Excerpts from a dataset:
+++

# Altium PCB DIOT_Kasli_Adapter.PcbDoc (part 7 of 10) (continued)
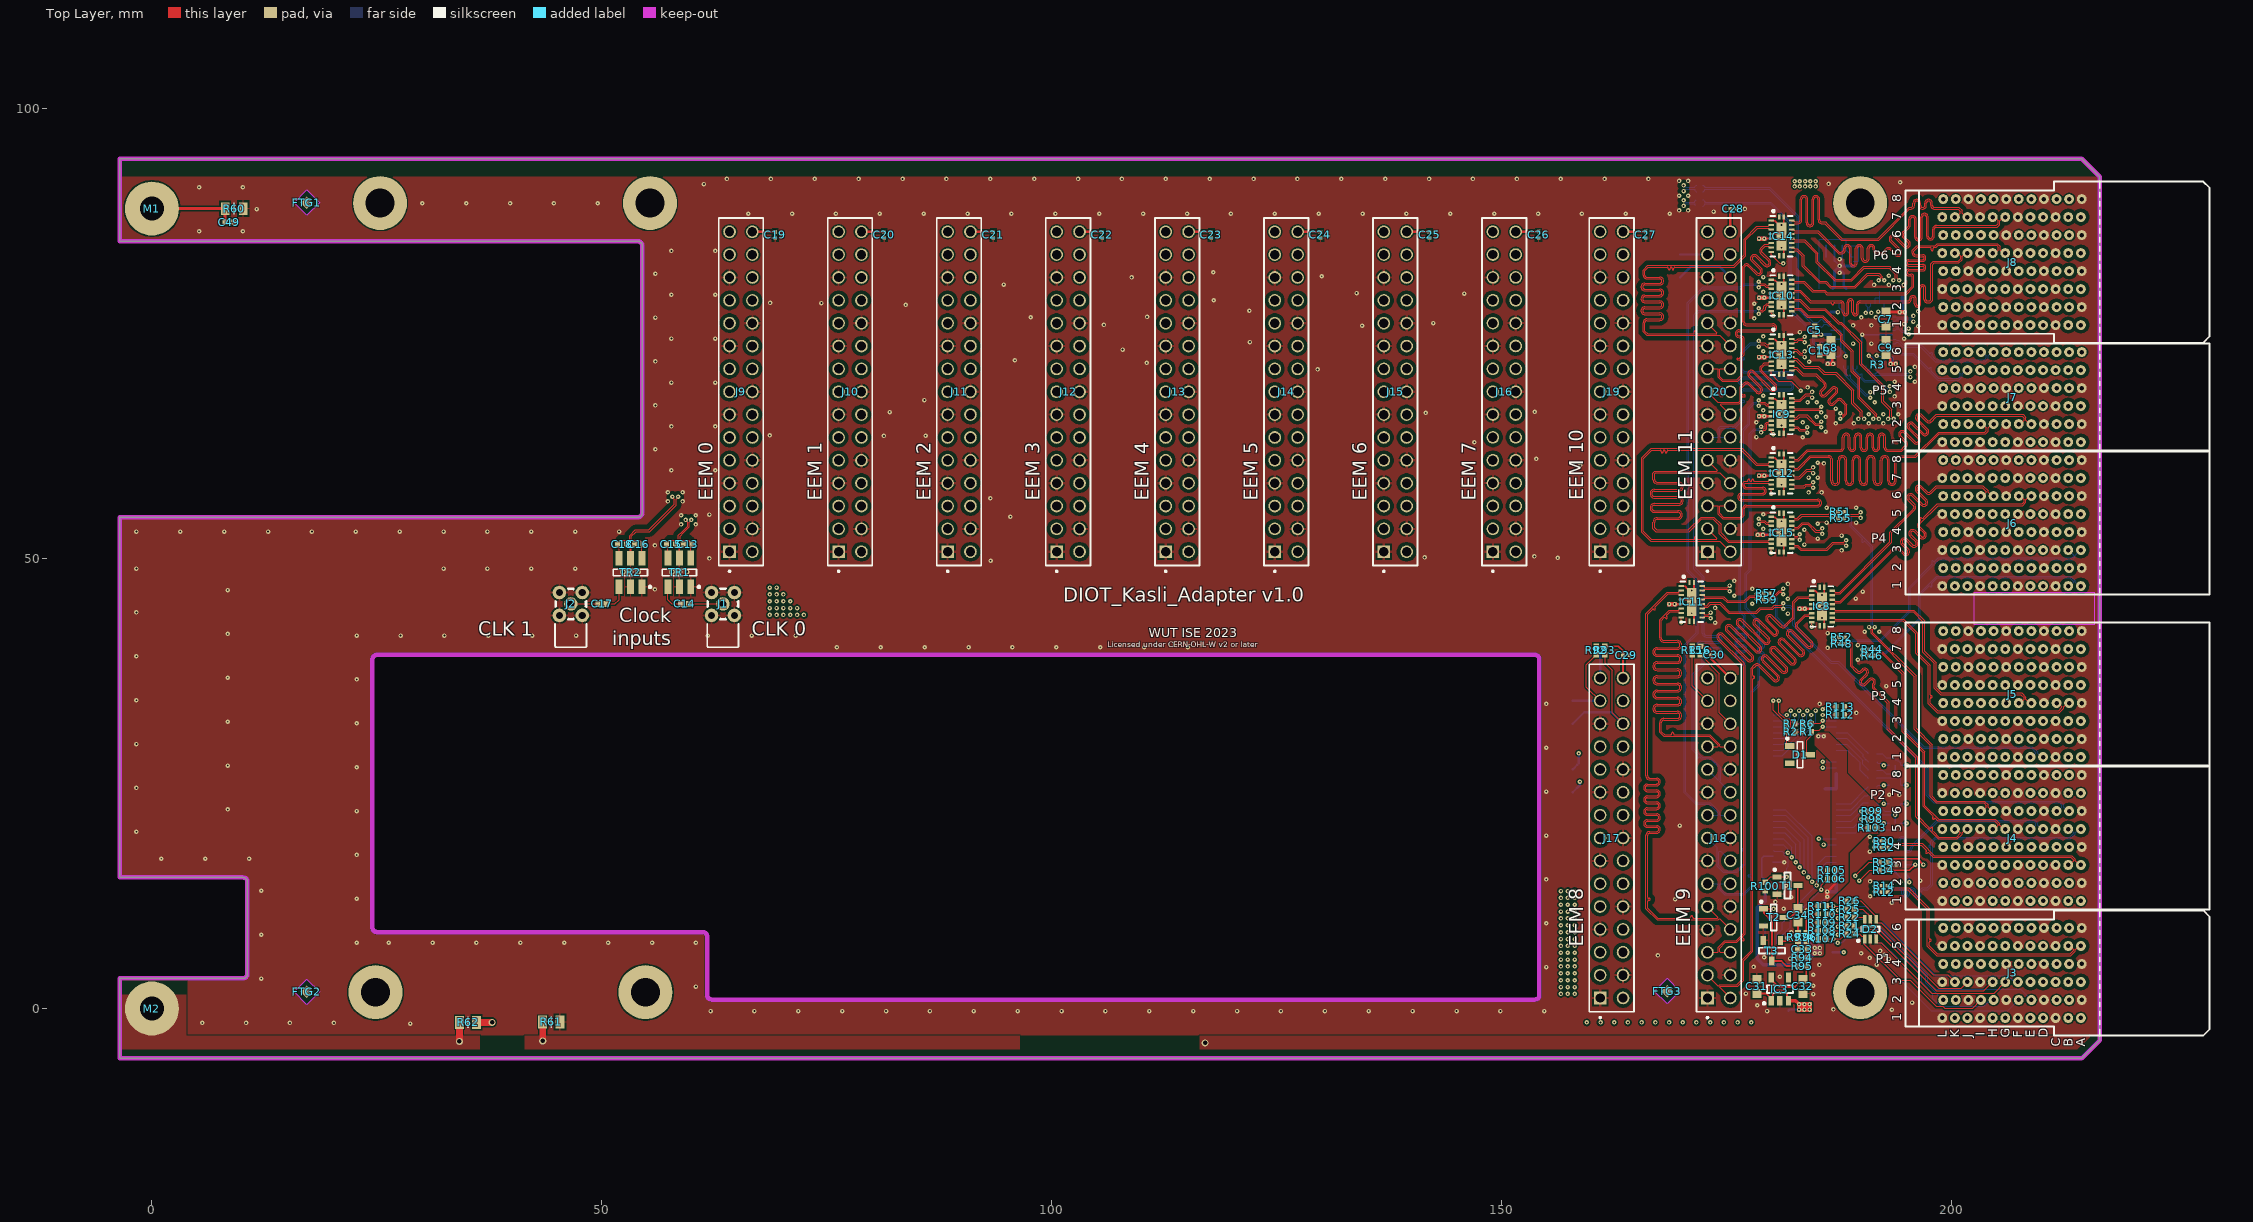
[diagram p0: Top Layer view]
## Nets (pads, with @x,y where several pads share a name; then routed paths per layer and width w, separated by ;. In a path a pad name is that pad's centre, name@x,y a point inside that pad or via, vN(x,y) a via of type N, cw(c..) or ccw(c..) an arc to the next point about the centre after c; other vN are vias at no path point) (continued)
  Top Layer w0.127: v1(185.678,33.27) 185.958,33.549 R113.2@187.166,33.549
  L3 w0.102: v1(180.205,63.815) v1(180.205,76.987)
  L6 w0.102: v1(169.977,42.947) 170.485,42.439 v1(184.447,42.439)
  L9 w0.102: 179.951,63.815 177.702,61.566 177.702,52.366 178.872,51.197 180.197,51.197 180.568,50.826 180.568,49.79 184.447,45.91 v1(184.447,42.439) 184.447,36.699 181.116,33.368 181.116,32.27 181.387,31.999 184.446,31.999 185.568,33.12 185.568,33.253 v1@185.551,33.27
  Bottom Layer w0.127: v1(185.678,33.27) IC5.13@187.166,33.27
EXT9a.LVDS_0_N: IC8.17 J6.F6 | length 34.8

+++

THE PROBLEM:
Transcribe the records above exactly, excluding every picture.

EXERCISE SOLUTION:
# Altium PCB DIOT_Kasli_Adapter.PcbDoc (part 7 of 10) (continued)
[diagram p0: Top Layer view]
## Nets (pads, with @x,y where several pads share a name; then routed paths per layer and width w, separated by ;. In a path a pad name is that pad's centre, name@x,y a point inside that pad or via, vN(x,y) a via of type N, cw(c..) or ccw(c..) an arc to the next point about the centre after c; other vN are vias at no path point) (continued)
  Top Layer w0.127: v1(185.678,33.27) 185.958,33.549 R113.2@187.166,33.549
  L3 w0.102: v1(180.205,63.815) v1(180.205,76.987)
  L6 w0.102: v1(169.977,42.947) 170.485,42.439 v1(184.447,42.439)
  L9 w0.102: 179.951,63.815 177.702,61.566 177.702,52.366 178.872,51.197 180.197,51.197 180.568,50.826 180.568,49.79 184.447,45.91 v1(184.447,42.439) 184.447,36.699 181.116,33.368 181.116,32.27 181.387,31.999 184.446,31.999 185.568,33.12 185.568,33.253 v1@185.551,33.27
  Bottom Layer w0.127: v1(185.678,33.27) IC5.13@187.166,33.27
EXT9a.LVDS_0_N: IC8.17 J6.F6 | length 34.8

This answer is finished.